Парадокс в том, что подобной искренности добиваются насилием, для которого не существует никаких ограничений. Центральная проблема из всех интересующих Оруэлла — до какой степени насилие способно превратить человека не просто в раба, а во всецело убежденного сторонника системы, которая раздавливает его, как тот сапог, опустившийся прямо на лицо. Где кончается принужденность? Когда она перерастает в убеждение и восторг? Тайна тоталитаризма виделась Оруэллу в умении достигать этого эффекта, и не в единичных случаях, но как эффекта массового.
Разгадку он находил во всеобщей связанности страхом. Постепенно становясь сильнейшим из побуждений, страх ломает нравственный хребет человека и заставляет его глушить в себе все чувства, кроме самосохранения. Оно требует мимикрии день за днем и год за годом, пока уже не воздействием извне, но внутренним душевным настроем будет окончательно подавлена способность видеть вещи, каковы они на самом деле. Государству надо только способствовать тому, чтобы этот процесс протекал быстро и необратимо.
Для этого и существует режим — с его исключительно мощным аппаратом подавления, с полицией мысли и полицией нравов, с «новоязом», разрушающим язык, чтобы стала невозможной мысль, с обязательной для всех доктриной «подвижного прошлого», согласно которой память преступна, когда она верна истине, а минувшего не существует, за вычетом того, каким оно сконструировано на данный момент.

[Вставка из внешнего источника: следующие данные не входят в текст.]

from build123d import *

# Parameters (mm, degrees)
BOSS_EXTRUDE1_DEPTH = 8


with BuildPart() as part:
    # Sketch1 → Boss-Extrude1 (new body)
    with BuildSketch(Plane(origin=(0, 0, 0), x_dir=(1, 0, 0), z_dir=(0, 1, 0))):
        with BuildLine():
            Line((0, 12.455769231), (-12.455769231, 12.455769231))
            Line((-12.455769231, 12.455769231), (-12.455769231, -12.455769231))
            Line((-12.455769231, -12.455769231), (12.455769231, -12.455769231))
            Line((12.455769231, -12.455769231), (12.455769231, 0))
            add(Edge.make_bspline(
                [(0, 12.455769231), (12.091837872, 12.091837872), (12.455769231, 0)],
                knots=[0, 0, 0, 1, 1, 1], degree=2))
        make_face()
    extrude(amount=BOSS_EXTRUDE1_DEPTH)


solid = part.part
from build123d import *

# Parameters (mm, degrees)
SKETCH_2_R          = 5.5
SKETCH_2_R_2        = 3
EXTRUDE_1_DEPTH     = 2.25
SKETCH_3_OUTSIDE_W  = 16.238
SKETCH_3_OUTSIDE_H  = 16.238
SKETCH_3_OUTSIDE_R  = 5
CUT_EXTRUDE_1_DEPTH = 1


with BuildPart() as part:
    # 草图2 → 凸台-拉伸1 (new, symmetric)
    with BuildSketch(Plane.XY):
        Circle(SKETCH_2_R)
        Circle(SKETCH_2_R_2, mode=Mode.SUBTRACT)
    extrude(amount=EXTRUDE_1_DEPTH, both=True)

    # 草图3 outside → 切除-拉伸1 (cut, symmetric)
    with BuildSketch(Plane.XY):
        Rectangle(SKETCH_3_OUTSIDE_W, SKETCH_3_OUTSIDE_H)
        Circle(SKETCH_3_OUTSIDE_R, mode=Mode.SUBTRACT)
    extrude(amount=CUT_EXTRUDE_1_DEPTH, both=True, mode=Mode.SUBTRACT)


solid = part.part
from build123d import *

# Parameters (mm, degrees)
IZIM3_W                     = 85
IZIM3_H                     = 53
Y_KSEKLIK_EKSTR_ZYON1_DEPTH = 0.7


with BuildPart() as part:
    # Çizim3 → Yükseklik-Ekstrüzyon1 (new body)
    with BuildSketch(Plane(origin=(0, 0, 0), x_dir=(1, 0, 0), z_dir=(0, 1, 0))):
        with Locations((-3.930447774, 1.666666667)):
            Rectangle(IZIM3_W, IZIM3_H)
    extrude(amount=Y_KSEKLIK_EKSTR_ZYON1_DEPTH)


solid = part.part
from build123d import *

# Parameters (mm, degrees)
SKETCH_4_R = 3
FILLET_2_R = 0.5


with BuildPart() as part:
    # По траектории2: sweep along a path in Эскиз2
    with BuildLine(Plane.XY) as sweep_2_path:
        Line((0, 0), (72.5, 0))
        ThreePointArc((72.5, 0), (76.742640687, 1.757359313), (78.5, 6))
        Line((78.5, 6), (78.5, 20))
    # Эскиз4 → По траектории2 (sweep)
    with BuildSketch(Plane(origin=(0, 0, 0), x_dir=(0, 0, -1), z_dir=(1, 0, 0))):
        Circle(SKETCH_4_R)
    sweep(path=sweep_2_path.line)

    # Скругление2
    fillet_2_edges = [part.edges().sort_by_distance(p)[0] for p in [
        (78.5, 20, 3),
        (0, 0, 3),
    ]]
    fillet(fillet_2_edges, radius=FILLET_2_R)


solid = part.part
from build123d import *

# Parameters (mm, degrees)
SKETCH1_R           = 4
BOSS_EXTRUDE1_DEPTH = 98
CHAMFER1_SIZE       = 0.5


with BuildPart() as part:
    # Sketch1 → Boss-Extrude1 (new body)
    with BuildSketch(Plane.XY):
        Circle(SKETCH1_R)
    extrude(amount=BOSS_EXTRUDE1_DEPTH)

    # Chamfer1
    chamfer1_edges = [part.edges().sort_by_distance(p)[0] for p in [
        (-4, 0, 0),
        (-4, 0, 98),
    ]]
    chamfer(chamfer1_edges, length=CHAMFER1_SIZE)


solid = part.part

История, культура, само человеческое естество — только помехи и препятствия, мешающие тоталитарной идее осуществиться в ее настоящей полноте. Пока сохраняется хотя бы хилый росток неофициозной мысли и неказенного чувства, не могут считаться вечными самовластие лидера Океании, называемого условным именем Старший Брат, и диктат целиком ему подконтрольной организации, которую обозначают столь же условным словом «партия». Задача не в том, чтобы добить противников, ибо они мнимы. Она в том, чтобы исчезла возможность несогласия, пусть сугубо теоретическая и эфемерная. Даже как отвлеченная концепция всякая индивидуальность должна исчезнуть навеки.
О конкретном прообразе мира, встающего со страниц «1984», спорили, и трудно сказать, согласился ли бы сам Оруэлл придать Старшему Брату физическое сходство со Сталиным, как поступили экранизаторы романа. Сталинизм, конечно, имеет самое прямое отношение к тому порядку вещей, который установлен в Океании, но не только сталинизм. Как и в «Скотном дворе», говорить надо не столько о конкретике, сколько о социальной болезни, глубоко укорененной в атмосфере XX столетия и по-разному проявляющейся, хотя это все та же самая болезнь, которая методически убивает личность, укрепляя идеологию и власть. Это может быть власть Старшего Брата, глядящего с тысячи портретов, или власть анонимной бюрократии. В одном варианте это идеология сталинизма, это доктрина расового и национального превосходства — в другом, а в третьем — комплекс идей агрессивной технократии, которая мечтает о всеобщей роботизации. Но все эти варианты предполагают ничтожество человека и абсолютизм власти, опирающейся на идеологические концепции, которым всегда ведома непререкаемая истина и которые поэтому не признают никаких диалогов.